An der Motivation, auf Brady-Jagd zu gehen, scheitert es bestimmt nicht, denn zwei der bittersten Niederlagen in der aktuellen Erfolgs-Ära passierten gegen den GOAT. 2019 setzte es im ersten Championship-Game von Mahomes eine Niederlage gegen die Patriots mit Brady. Vor zwei Jahren verpasste Kansas City die Titelverteidigung im "Big Game" gegen Brady, der inzwischen zu den Tampa Bay Buccaneers übersiedelt war und sich über seinen sage und schreibe siebenten Super-Bowl-Titel freuen durfte. Wer weiß, ohne diese Niederlagen könnte es jetzt schon 3:6 oder 4:5 aus Sicht von Mahomes stehen.

Mit 27 bereits zweifacher Champion

Keine Frage, dies ist natürlich Hättiwari. Doch auch die tatsächliche Ausbeute liest sich für den Chiefs-Spielmacher alles andere als schlecht. Mit 27 Jahren ist er bereits zweifacher Super-Bowl-Champion und zweifacher NFL-MVP. Mahomes ist in einem Alter, in dem man meinen könnte, dass er gerade erst in seine Prime-Jahre gekommen ist. Und selbige wird er in Kansas City verbringen. Die Chiefs bedachten das Gesicht ihrer Franchise schon 2020 mit einem unglaublichen Zehn-Jahres-Vertrag für 477 Millionen Dollar. Bei speziellen Talenten benötigt es eben spezielle Maßnahmen.

Der humpelnde Mahomes

Wie speziell Mahomes ist, lässt sich nicht nur an seinem beeindruckenden NFL-Lebenslauf ablesen, sondern war in Super Bowl LVII abermals zu beobachten. Und dabei geht es gar nicht einmal nur um seine drei Touchdown-Pässe, sondern auch die Art und Weise, wie er sein Team in der zweiten Halbzeit anführte und half, den Zehn-Punkte-Pausen-Rückstand aufzuholen. Und das, obwohl er kurz vor dem Ende des ersten Durchgangs einen Schlag auf den ohnehin schon lädierten Knöchel bekommen hat – der humpelnde Mahomes ist sicherlich eines der prägenden Bilder der diesjährigen NFL-Playoffs. "Er ist der MVP. Mehr muss man nicht sagen. MVP. Ihr alle habt es heute gesehen", lobt Reid.

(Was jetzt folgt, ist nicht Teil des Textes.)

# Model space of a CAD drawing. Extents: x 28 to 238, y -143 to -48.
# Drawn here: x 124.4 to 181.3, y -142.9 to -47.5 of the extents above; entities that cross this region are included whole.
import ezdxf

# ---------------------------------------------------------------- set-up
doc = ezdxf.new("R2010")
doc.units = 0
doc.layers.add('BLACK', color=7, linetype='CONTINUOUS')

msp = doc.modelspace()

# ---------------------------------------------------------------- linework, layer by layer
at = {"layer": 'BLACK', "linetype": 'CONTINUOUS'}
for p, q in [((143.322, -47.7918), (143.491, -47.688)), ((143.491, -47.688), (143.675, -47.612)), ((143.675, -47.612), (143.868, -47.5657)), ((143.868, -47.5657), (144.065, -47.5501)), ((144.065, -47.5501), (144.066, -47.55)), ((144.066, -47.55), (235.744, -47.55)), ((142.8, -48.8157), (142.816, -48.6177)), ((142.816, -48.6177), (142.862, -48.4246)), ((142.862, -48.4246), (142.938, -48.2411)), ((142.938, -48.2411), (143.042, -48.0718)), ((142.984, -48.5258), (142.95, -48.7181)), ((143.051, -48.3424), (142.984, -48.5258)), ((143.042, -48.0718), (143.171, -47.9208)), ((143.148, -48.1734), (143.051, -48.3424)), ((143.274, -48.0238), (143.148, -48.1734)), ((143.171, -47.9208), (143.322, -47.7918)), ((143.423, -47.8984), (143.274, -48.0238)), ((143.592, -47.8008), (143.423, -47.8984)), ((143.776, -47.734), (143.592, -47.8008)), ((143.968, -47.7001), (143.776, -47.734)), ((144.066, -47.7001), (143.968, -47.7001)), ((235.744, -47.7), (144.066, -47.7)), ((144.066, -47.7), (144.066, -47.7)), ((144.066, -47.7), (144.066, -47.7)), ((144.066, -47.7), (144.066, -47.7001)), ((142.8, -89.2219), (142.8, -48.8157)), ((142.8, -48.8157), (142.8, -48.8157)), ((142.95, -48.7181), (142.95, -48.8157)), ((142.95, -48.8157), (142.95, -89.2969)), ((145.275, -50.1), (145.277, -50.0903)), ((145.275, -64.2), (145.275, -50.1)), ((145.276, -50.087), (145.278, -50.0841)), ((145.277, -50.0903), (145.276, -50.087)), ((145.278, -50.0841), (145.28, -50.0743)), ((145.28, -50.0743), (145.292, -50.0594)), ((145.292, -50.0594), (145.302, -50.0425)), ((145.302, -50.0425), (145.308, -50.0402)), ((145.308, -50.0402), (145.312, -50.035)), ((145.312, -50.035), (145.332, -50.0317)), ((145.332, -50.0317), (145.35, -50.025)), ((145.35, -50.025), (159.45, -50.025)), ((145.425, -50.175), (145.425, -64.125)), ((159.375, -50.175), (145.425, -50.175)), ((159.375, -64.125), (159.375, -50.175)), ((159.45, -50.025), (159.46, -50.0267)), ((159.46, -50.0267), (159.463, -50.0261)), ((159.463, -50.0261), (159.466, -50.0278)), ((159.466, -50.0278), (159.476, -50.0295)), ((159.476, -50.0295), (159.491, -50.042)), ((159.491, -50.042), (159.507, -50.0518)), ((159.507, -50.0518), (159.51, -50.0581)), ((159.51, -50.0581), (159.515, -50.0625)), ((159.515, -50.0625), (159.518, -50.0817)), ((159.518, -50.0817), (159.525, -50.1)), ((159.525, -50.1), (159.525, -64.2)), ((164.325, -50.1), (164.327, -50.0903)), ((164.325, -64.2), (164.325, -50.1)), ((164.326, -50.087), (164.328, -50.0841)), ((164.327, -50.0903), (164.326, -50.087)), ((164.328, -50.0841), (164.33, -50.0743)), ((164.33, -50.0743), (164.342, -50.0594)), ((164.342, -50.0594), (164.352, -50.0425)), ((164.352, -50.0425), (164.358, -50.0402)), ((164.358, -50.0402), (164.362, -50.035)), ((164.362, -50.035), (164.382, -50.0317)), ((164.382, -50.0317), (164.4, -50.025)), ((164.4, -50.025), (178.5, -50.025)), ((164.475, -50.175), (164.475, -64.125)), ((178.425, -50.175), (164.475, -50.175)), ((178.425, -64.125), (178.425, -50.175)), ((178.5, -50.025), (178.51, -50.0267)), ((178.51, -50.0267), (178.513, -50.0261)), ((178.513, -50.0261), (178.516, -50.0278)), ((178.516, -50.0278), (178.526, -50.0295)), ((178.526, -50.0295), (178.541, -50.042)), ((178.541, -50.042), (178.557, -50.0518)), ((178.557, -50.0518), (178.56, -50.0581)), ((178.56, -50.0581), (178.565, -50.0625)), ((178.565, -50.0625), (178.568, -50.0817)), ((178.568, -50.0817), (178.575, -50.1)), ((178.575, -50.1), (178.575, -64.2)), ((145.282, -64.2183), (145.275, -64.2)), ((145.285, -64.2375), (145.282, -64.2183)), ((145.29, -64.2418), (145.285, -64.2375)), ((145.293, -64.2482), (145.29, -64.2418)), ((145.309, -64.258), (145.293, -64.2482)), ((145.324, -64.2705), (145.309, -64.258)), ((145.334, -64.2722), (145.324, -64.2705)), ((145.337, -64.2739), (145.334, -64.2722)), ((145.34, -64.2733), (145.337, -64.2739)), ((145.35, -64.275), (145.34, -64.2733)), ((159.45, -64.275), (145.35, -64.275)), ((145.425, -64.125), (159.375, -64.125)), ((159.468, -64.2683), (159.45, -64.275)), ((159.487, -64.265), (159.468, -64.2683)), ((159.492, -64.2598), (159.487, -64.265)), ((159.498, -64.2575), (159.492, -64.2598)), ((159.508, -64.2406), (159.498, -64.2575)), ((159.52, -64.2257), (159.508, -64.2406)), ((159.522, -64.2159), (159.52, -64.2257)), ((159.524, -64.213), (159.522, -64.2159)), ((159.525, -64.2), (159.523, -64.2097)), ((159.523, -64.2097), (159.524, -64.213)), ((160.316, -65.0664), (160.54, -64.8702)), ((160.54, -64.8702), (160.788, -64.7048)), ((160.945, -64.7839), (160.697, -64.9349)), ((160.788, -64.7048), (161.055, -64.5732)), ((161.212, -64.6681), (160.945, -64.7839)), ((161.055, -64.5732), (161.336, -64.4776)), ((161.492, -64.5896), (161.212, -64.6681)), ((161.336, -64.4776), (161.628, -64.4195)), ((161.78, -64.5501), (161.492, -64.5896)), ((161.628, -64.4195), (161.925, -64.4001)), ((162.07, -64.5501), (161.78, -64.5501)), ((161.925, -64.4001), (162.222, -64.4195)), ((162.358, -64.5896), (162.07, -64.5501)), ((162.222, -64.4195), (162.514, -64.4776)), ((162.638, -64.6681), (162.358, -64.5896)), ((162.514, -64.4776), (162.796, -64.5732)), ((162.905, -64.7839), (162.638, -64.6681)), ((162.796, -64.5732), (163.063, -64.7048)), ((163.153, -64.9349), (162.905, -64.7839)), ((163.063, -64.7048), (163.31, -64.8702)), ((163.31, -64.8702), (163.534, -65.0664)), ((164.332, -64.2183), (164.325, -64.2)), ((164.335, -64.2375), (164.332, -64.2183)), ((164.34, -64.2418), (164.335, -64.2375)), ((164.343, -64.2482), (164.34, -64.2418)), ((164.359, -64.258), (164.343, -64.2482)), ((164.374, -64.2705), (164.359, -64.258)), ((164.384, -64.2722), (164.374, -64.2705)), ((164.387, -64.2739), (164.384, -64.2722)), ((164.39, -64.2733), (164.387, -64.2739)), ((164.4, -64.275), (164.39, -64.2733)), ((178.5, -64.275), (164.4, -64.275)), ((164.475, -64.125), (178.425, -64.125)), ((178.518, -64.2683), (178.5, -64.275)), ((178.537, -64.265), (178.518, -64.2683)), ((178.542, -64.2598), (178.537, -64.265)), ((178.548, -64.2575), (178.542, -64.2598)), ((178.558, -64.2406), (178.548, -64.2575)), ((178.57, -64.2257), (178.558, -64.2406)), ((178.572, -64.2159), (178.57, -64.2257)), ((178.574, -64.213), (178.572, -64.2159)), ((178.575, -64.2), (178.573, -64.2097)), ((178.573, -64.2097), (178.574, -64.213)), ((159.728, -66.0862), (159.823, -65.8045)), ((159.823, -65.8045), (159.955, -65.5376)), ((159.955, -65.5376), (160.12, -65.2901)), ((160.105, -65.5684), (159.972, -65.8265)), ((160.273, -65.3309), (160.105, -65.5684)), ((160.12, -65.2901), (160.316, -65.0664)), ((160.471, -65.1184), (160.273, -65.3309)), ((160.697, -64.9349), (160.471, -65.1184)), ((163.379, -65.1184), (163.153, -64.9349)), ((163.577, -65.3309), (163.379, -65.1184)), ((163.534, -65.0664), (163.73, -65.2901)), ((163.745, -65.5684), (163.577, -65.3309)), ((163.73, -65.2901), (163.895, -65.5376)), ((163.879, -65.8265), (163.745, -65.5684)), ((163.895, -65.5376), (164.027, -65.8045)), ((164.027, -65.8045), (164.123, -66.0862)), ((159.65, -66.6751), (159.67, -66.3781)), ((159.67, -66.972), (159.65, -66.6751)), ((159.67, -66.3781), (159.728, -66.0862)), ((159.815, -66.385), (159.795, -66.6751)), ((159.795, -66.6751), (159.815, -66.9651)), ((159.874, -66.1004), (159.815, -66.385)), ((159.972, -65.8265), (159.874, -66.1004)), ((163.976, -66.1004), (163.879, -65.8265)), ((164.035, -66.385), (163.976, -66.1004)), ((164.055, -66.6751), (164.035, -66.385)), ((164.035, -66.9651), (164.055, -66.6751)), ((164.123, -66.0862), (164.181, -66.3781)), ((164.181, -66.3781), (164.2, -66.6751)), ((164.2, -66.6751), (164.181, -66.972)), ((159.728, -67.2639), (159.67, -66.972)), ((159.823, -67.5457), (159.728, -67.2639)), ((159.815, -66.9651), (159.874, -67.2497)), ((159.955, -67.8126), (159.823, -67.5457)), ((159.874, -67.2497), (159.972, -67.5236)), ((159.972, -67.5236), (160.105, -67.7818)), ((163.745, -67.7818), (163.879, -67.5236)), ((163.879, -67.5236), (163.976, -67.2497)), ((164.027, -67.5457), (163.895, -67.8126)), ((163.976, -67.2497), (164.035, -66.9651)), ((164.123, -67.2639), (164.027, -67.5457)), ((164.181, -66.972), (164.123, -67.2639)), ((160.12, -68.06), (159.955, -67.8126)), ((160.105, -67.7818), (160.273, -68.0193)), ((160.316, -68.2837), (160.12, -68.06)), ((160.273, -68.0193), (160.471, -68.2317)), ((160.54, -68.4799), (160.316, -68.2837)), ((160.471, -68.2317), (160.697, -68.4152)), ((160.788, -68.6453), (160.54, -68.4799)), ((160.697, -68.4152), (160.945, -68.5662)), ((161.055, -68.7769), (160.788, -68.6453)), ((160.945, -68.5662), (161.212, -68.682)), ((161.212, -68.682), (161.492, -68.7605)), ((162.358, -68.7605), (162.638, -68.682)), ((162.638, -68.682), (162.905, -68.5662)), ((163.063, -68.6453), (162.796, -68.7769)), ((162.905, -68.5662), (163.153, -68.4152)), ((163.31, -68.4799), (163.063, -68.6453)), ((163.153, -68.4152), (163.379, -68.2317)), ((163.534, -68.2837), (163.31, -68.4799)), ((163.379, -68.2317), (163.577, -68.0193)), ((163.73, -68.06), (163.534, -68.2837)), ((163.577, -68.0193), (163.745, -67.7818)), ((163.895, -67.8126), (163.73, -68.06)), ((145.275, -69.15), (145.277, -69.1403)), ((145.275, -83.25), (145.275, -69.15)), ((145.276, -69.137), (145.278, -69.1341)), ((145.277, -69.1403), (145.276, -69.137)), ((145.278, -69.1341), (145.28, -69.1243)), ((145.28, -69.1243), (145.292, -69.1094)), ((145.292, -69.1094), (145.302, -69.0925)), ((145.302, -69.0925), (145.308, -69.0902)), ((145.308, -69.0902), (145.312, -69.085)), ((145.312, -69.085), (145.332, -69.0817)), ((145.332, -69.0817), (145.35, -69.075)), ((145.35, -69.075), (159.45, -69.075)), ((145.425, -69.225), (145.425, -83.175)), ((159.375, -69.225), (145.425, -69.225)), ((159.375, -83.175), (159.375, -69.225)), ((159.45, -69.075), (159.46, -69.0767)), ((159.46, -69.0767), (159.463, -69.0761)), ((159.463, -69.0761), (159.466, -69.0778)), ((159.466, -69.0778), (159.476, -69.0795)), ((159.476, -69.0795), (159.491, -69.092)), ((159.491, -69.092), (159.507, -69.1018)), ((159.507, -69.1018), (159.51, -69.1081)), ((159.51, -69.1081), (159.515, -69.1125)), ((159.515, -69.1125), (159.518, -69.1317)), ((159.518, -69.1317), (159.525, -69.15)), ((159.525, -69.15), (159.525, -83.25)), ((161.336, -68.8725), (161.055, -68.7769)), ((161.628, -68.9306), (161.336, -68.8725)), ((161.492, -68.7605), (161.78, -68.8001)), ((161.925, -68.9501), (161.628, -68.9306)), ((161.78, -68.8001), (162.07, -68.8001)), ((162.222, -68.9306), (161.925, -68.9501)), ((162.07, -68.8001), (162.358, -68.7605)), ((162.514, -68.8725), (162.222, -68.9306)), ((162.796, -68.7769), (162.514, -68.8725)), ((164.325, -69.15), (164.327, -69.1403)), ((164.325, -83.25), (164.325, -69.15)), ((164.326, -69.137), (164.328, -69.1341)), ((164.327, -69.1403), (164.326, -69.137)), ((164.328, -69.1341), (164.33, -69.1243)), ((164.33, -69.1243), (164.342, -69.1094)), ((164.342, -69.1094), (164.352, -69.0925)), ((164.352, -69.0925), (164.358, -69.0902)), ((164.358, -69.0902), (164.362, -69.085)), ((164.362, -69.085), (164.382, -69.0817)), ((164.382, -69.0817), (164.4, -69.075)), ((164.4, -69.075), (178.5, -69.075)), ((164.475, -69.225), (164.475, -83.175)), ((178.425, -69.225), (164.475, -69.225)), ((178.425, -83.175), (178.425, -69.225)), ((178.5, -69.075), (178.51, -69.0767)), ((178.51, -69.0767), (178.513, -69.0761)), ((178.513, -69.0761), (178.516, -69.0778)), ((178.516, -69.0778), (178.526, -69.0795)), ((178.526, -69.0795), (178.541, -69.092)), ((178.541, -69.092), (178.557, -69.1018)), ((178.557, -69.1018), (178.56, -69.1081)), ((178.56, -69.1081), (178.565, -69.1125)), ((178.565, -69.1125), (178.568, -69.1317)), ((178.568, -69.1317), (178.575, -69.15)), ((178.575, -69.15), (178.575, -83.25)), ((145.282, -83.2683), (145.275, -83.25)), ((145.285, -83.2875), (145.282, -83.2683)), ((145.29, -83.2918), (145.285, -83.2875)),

Man frage Rodgers oder Manning

Auch wenn Brady es so aussehen hat lassen: Es ist nicht leicht, die Super Bowl mehrmals zu gewinnen. Man frage nach bei Aaron Rodgers, der früh in der Karriere mit den Green Bay Packers triumphierte und seither trotz famoser Regular-Season-Leistungen auf eine Rückkehr ins NFL-Endspiel wartet. Man frage nach bei Peyton Manning, der mit den Indianapolis Colts nur ein Mal zuschlug und erst in seinem letzten Karriere-Spiel – inzwischen in Diensten der Denver Broncos – eine zweite Vince-Lombardi-Trophy gewann. Man frage nach bei vielen, vielen anderen Superstars – so blieb etwa mit Dan Marino einem der fraglos besten Quarterbacks aller Zeiten ein Super-Bowl-Triumph ganz verwehrt.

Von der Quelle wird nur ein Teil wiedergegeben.